-------- Data section

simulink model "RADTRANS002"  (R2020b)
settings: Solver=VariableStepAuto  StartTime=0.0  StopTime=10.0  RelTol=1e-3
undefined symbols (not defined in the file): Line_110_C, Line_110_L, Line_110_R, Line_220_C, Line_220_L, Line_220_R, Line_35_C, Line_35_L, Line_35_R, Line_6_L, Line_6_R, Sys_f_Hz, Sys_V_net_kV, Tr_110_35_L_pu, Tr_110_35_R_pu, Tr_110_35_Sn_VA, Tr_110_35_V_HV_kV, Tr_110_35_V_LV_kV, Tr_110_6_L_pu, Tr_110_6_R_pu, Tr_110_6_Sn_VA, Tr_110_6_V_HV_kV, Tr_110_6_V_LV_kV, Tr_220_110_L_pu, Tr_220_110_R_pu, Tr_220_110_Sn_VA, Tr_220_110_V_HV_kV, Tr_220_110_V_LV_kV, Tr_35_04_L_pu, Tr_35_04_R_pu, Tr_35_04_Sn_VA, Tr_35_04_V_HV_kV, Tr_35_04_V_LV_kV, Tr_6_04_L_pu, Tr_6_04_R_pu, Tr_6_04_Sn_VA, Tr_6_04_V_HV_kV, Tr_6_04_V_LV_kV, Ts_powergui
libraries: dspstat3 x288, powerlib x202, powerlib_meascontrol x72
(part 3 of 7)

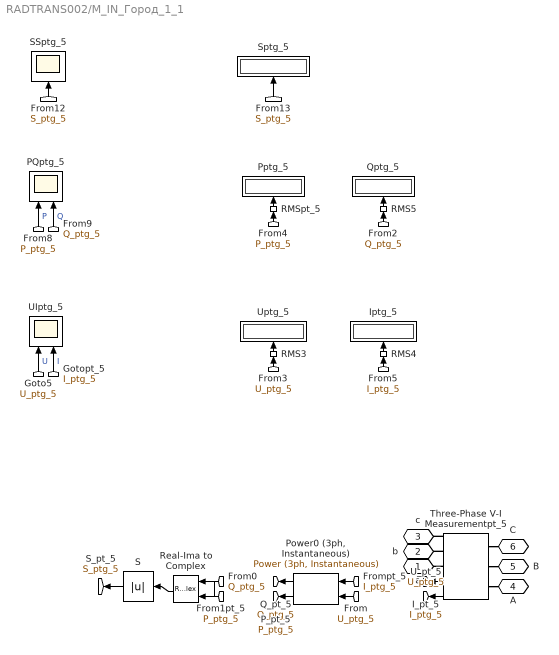
== system RADTRANS002/M_IN_Город_1_1 ==
  Iptg_5 : Display
      settings: Format=bank
  PQptg_5 : Scope  NumInputPorts=2
  "Power0 (3ph, Instantaneous)" : powerlib_meascontrol/Measurements/Power (3ph, Instantaneous)
  Pptg_5 : Display
      settings: Format=bank
  Qptg_5 : Display
      settings: Format=bank
  RMS3 : dspstat3/RMS  run=off  directionMode=Each column  dimension=1  InputProcessing=Columns as channels (frame based)  reset_popup=None
  RMS4 : dspstat3/RMS  run=off  directionMode=Each column  dimension=1  InputProcessing=Columns as channels (frame based)  reset_popup=None
  RMS5 : dspstat3/RMS  run=off  directionMode=Each column  dimension=1  InputProcessing=Columns as channels (frame based)  reset_popup=None
  RMSpt_5 : dspstat3/RMS  run=off  directionMode=Each column  dimension=1  InputProcessing=Columns as channels (frame based)  reset_popup=None
  Real-Ima to Complex : RealImagToComplex
  S : Abs
  SSptg_5 : Scope
  Sptg_5 : Display
      settings: Format=bank
  Three-Phase V-I Measurementpt_5 : powerlib/Measurements/Three-Phase V-I Measurement  VoltageMeasurement=phase-to-ground  SetLabelV=off  LabelV=Vabc  Vpu=off  VpuLL=off  CurrentMeasurement=yes  SetLabelI=off  LabelI=Iabc  Ipu=off  Pbase=100e6  Vbase=500e3  OutputType=Complex  PhasorSimulation=off  PSBequivalent=0
  UIptg_5 : Scope  NumInputPorts=2
  Uptg_5 : Display
      settings: Format=bank
  a : PMIOPort  Side=Right
  b : PMIOPort  Port=2  Side=Right
  c : PMIOPort  Port=3  Side=Right
  A : PMIOPort  Port=4  Side=Left
  B : PMIOPort  Port=5  Side=Left
  C : PMIOPort  Port=6  Side=Left
  tag scope: I_ptg_5=global, P_ptg_5=global, Q_ptg_5=global, S_ptg_5=global, U_ptg_5=global
  wires:
  S/1 -> [S_ptg_5]
  Real-Ima to Complex/1 -> S/1
  [S_ptg_5] -> Sptg_5/1
  [S_ptg_5] -> SSptg_5/1
  [P_ptg_5] -> RMSpt_5/1
  RMSpt_5/1 -> Pptg_5/1
  RMS5/1 -> Qptg_5/1
  [U_ptg_5] -> RMS3/1
  RMS3/1 -> Uptg_5/1
  [P_ptg_5] -> Real-Ima to Complex/1
  [Q_ptg_5] -> RMS5/1
  [I_ptg_5] -> RMS4/1
  RMS4/1 -> Iptg_5/1
  [U_ptg_5] -> UIptg_5/1  "U"
  [P_ptg_5] -> PQptg_5/1  "P"
  [I_ptg_5] -> UIptg_5/2  "I"
  Three-Phase V-I Measurementpt_5/1 -> [U_ptg_5]
  [Q_ptg_5] -> Real-Ima to Complex/2
  Three-Phase V-I Measurementpt_5/2 -> [I_ptg_5]
  [U_ptg_5] -> "Power0 (3ph, Instantaneous)"/1
  [I_ptg_5] -> "Power0 (3ph, Instantaneous)"/2
  "Power0 (3ph, Instantaneous)"/2 -> [Q_ptg_5]
  "Power0 (3ph, Instantaneous)"/1 -> [P_ptg_5]
  [Q_ptg_5] -> PQptg_5/2  "Q"
  connections:
  Three-Phase V-I Measurementpt_5/LConn1 -- A/RConn1
  Three-Phase V-I Measurementpt_5/RConn1 -- a/RConn1
  Three-Phase V-I Measurementpt_5/LConn2 -- B/RConn1
  Three-Phase V-I Measurementpt_5/LConn3 -- C/RConn1
  Three-Phase V-I Measurementpt_5/RConn3 -- c/RConn1
  Three-Phase V-I Measurementpt_5/RConn2 -- b/RConn1

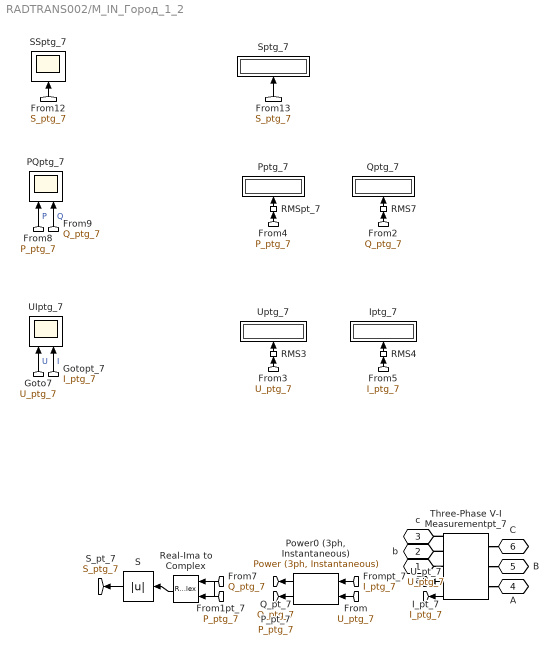
== system RADTRANS002/M_IN_Город_1_2 ==
  Iptg_7 : Display
      settings: Format=bank
  PQptg_7 : Scope  NumInputPorts=2
  "Power0 (3ph, Instantaneous)" : powerlib_meascontrol/Measurements/Power (3ph, Instantaneous)
  Pptg_7 : Display
      settings: Format=bank
  Qptg_7 : Display
      settings: Format=bank
  RMS3 : dspstat3/RMS  run=off  directionMode=Each column  dimension=1  InputProcessing=Columns as channels (frame based)  reset_popup=None
  RMS4 : dspstat3/RMS  run=off  directionMode=Each column  dimension=1  InputProcessing=Columns as channels (frame based)  reset_popup=None
  RMS7 : dspstat3/RMS  run=off  directionMode=Each column  dimension=1  InputProcessing=Columns as channels (frame based)  reset_popup=None
  RMSpt_7 : dspstat3/RMS  run=off  directionMode=Each column  dimension=1  InputProcessing=Columns as channels (frame based)  reset_popup=None
  Real-Ima to Complex : RealImagToComplex
  S : Abs
  SSptg_7 : Scope
  Sptg_7 : Display
      settings: Format=bank
  Three-Phase V-I Measurementpt_7 : powerlib/Measurements/Three-Phase V-I Measurement  VoltageMeasurement=phase-to-ground  SetLabelV=off  LabelV=Vabc  Vpu=off  VpuLL=off  CurrentMeasurement=yes  SetLabelI=off  LabelI=Iabc  Ipu=off  Pbase=100e6  Vbase=500e3  OutputType=Complex  PhasorSimulation=off  PSBequivalent=0
  UIptg_7 : Scope  NumInputPorts=2
  Uptg_7 : Display
      settings: Format=bank
  a : PMIOPort  Side=Right
  b : PMIOPort  Port=2  Side=Right
  c : PMIOPort  Port=3  Side=Right
  A : PMIOPort  Port=4  Side=Left
  B : PMIOPort  Port=5  Side=Left
  C : PMIOPort  Port=6  Side=Left
  tag scope: I_ptg_7=global, P_ptg_7=global, Q_ptg_7=global, S_ptg_7=global, U_ptg_7=global
  wires:
  S/1 -> [S_ptg_7]
  Real-Ima to Complex/1 -> S/1
  [S_ptg_7] -> Sptg_7/1
  [S_ptg_7] -> SSptg_7/1
  [P_ptg_7] -> RMSpt_7/1
  RMSpt_7/1 -> Pptg_7/1
  RMS7/1 -> Qptg_7/1
  [U_ptg_7] -> RMS3/1
  RMS3/1 -> Uptg_7/1
  [P_ptg_7] -> Real-Ima to Complex/1
  [Q_ptg_7] -> RMS7/1
  [I_ptg_7] -> RMS4/1
  RMS4/1 -> Iptg_7/1
  [U_ptg_7] -> UIptg_7/1  "U"
  [P_ptg_7] -> PQptg_7/1  "P"
  [I_ptg_7] -> UIptg_7/2  "I"
  Three-Phase V-I Measurementpt_7/1 -> [U_ptg_7]
  [Q_ptg_7] -> Real-Ima to Complex/2
  Three-Phase V-I Measurementpt_7/2 -> [I_ptg_7]
  [U_ptg_7] -> "Power0 (3ph, Instantaneous)"/1
  [I_ptg_7] -> "Power0 (3ph, Instantaneous)"/2
  "Power0 (3ph, Instantaneous)"/2 -> [Q_ptg_7]
  "Power0 (3ph, Instantaneous)"/1 -> [P_ptg_7]
  [Q_ptg_7] -> PQptg_7/2  "Q"
  connections:
  Three-Phase V-I Measurementpt_7/LConn1 -- A/RConn1
  Three-Phase V-I Measurementpt_7/RConn1 -- a/RConn1
  Three-Phase V-I Measurementpt_7/LConn2 -- B/RConn1
  Three-Phase V-I Measurementpt_7/LConn3 -- C/RConn1
  Three-Phase V-I Measurementpt_7/RConn3 -- c/RConn1
  Three-Phase V-I Measurementpt_7/RConn2 -- b/RConn1

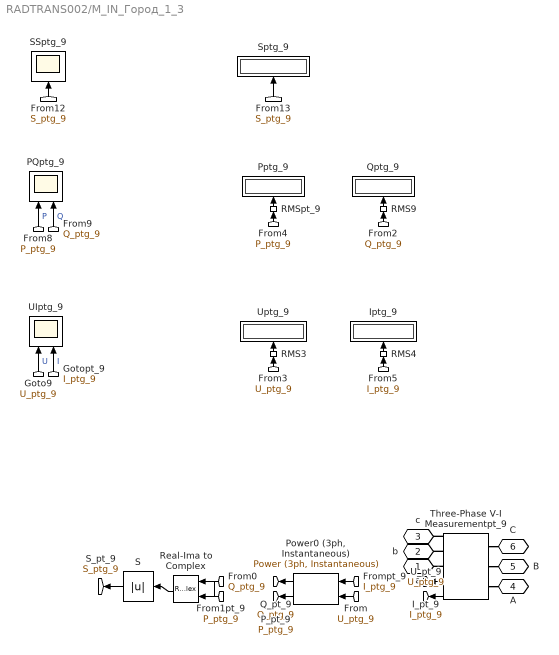
== system RADTRANS002/M_IN_Город_1_3 ==
  Iptg_9 : Display
      settings: Format=bank
  PQptg_9 : Scope  NumInputPorts=2
  "Power0 (3ph, Instantaneous)" : powerlib_meascontrol/Measurements/Power (3ph, Instantaneous)
  Pptg_9 : Display
      settings: Format=bank
  Qptg_9 : Display
      settings: Format=bank
  RMS3 : dspstat3/RMS  run=off  directionMode=Each column  dimension=1  InputProcessing=Columns as channels (frame based)  reset_popup=None
  RMS4 : dspstat3/RMS  run=off  directionMode=Each column  dimension=1  InputProcessing=Columns as channels (frame based)  reset_popup=None
  RMS9 : dspstat3/RMS  run=off  directionMode=Each column  dimension=1  InputProcessing=Columns as channels (frame based)  reset_popup=None
  RMSpt_9 : dspstat3/RMS  run=off  directionMode=Each column  dimension=1  InputProcessing=Columns as channels (frame based)  reset_popup=None
  Real-Ima to Complex : RealImagToComplex
  S : Abs
  SSptg_9 : Scope
  Sptg_9 : Display
      settings: Format=bank
  Three-Phase V-I Measurementpt_9 : powerlib/Measurements/Three-Phase V-I Measurement  VoltageMeasurement=phase-to-ground  SetLabelV=off  LabelV=Vabc  Vpu=off  VpuLL=off  CurrentMeasurement=yes  SetLabelI=off  LabelI=Iabc  Ipu=off  Pbase=100e6  Vbase=500e3  OutputType=Complex  PhasorSimulation=off  PSBequivalent=0
  UIptg_9 : Scope  NumInputPorts=2
  Uptg_9 : Display
      settings: Format=bank
  a : PMIOPort  Side=Right
  b : PMIOPort  Port=2  Side=Right
  c : PMIOPort  Port=3  Side=Right
  A : PMIOPort  Port=4  Side=Left
  B : PMIOPort  Port=5  Side=Left
  C : PMIOPort  Port=6  Side=Left
  tag scope: I_ptg_9=global, P_ptg_9=global, Q_ptg_9=global, S_ptg_9=global, U_ptg_9=global
  wires:
  S/1 -> [S_ptg_9]
  Real-Ima to Complex/1 -> S/1
  [S_ptg_9] -> Sptg_9/1
  [S_ptg_9] -> SSptg_9/1
  [P_ptg_9] -> RMSpt_9/1
  RMSpt_9/1 -> Pptg_9/1
  RMS9/1 -> Qptg_9/1
  [U_ptg_9] -> RMS3/1
  RMS3/1 -> Uptg_9/1
  [P_ptg_9] -> Real-Ima to Complex/1
  [Q_ptg_9] -> RMS9/1
  [I_ptg_9] -> RMS4/1
  RMS4/1 -> Iptg_9/1
  [U_ptg_9] -> UIptg_9/1  "U"
  [P_ptg_9] -> PQptg_9/1  "P"
  [I_ptg_9] -> UIptg_9/2  "I"
  Three-Phase V-I Measurementpt_9/1 -> [U_ptg_9]
  [Q_ptg_9] -> Real-Ima to Complex/2
  Three-Phase V-I Measurementpt_9/2 -> [I_ptg_9]
  [U_ptg_9] -> "Power0 (3ph, Instantaneous)"/1
  [I_ptg_9] -> "Power0 (3ph, Instantaneous)"/2
  "Power0 (3ph, Instantaneous)"/2 -> [Q_ptg_9]
  "Power0 (3ph, Instantaneous)"/1 -> [P_ptg_9]
  [Q_ptg_9] -> PQptg_9/2  "Q"
  connections:
  Three-Phase V-I Measurementpt_9/LConn1 -- A/RConn1
  Three-Phase V-I Measurementpt_9/RConn1 -- a/RConn1
  Three-Phase V-I Measurementpt_9/LConn2 -- B/RConn1
  Three-Phase V-I Measurementpt_9/LConn3 -- C/RConn1
  Three-Phase V-I Measurementpt_9/RConn3 -- c/RConn1
  Three-Phase V-I Measurementpt_9/RConn2 -- b/RConn1

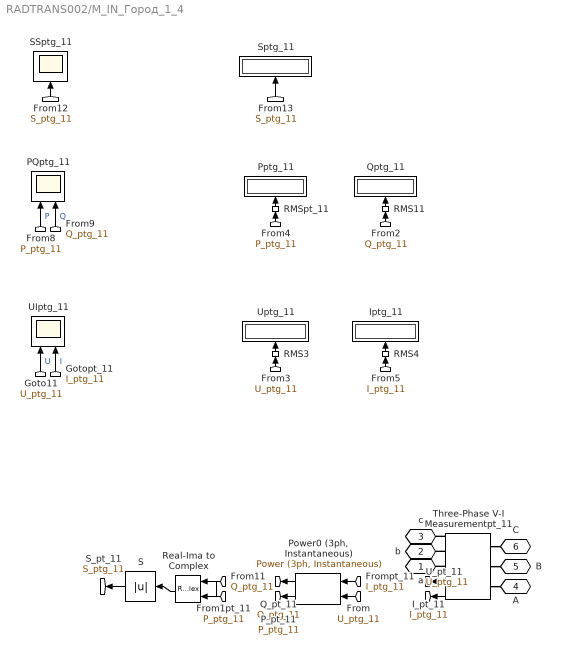
== system RADTRANS002/M_IN_Город_1_4 ==
  Iptg_11 : Display
      settings: Format=bank
  PQptg_11 : Scope  NumInputPorts=2
  "Power0 (3ph, Instantaneous)" : powerlib_meascontrol/Measurements/Power (3ph, Instantaneous)
  Pptg_11 : Display
      settings: Format=bank
  Qptg_11 : Display
      settings: Format=bank
  RMS11 : dspstat3/RMS  run=off  directionMode=Each column  dimension=1  InputProcessing=Columns as channels (frame based)  reset_popup=None
  RMS3 : dspstat3/RMS  run=off  directionMode=Each column  dimension=1  InputProcessing=Columns as channels (frame based)  reset_popup=None
  RMS4 : dspstat3/RMS  run=off  directionMode=Each column  dimension=1  InputProcessing=Columns as channels (frame based)  reset_popup=None
  RMSpt_11 : dspstat3/RMS  run=off  directionMode=Each column  dimension=1  InputProcessing=Columns as channels (frame based)  reset_popup=None
  Real-Ima to Complex : RealImagToComplex
  S : Abs
  SSptg_11 : Scope
  Sptg_11 : Display
      settings: Format=bank
  Three-Phase V-I Measurementpt_11 : powerlib/Measurements/Three-Phase V-I Measurement  VoltageMeasurement=phase-to-ground  SetLabelV=off  LabelV=Vabc  Vpu=off  VpuLL=off  CurrentMeasurement=yes  SetLabelI=off  LabelI=Iabc  Ipu=off  Pbase=100e6  Vbase=500e3  OutputType=Complex  PhasorSimulation=off  PSBequivalent=0
  UIptg_11 : Scope  NumInputPorts=2
  Uptg_11 : Display
      settings: Format=bank
  a : PMIOPort  Side=Right
  b : PMIOPort  Port=2  Side=Right
  c : PMIOPort  Port=3  Side=Right
  A : PMIOPort  Port=4  Side=Left
  B : PMIOPort  Port=5  Side=Left
  C : PMIOPort  Port=6  Side=Left
  tag scope: I_ptg_11=global, P_ptg_11=global, Q_ptg_11=global, S_ptg_11=global, U_ptg_11=global
  wires:
  S/1 -> [S_ptg_11]
  Real-Ima to Complex/1 -> S/1
  [S_ptg_11] -> Sptg_11/1
  [S_ptg_11] -> SSptg_11/1
  [P_ptg_11] -> RMSpt_11/1
  RMSpt_11/1 -> Pptg_11/1
  RMS11/1 -> Qptg_11/1
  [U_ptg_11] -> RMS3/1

----------------

## What is needed
From the records above, return each line where "Vbase" occurs.

## Problem solution
  Three-Phase V-I Measurementpt_5 : powerlib/Measurements/Three-Phase V-I Measurement  VoltageMeasurement=phase-to-ground  SetLabelV=off  LabelV=Vabc  Vpu=off  VpuLL=off  CurrentMeasurement=yes  SetLabelI=off  LabelI=Iabc  Ipu=off  Pbase=100e6  Vbase=500e3  OutputType=Complex  PhasorSimulation=off  PSBequivalent=0
  Three-Phase V-I Measurementpt_7 : powerlib/Measurements/Three-Phase V-I Measurement  VoltageMeasurement=phase-to-ground  SetLabelV=off  LabelV=Vabc  Vpu=off  VpuLL=off  CurrentMeasurement=yes  SetLabelI=off  LabelI=Iabc  Ipu=off  Pbase=100e6  Vbase=500e3  OutputType=Complex  PhasorSimulation=off  PSBequivalent=0
  Three-Phase V-I Measurementpt_9 : powerlib/Measurements/Three-Phase V-I Measurement  VoltageMeasurement=phase-to-ground  SetLabelV=off  LabelV=Vabc  Vpu=off  VpuLL=off  CurrentMeasurement=yes  SetLabelI=off  LabelI=Iabc  Ipu=off  Pbase=100e6  Vbase=500e3  OutputType=Complex  PhasorSimulation=off  PSBequivalent=0
  Three-Phase V-I Measurementpt_11 : powerlib/Measurements/Three-Phase V-I Measurement  VoltageMeasurement=phase-to-ground  SetLabelV=off  LabelV=Vabc  Vpu=off  VpuLL=off  CurrentMeasurement=yes  SetLabelI=off  LabelI=Iabc  Ipu=off  Pbase=100e6  Vbase=500e3  OutputType=Complex  PhasorSimulation=off  PSBequivalent=0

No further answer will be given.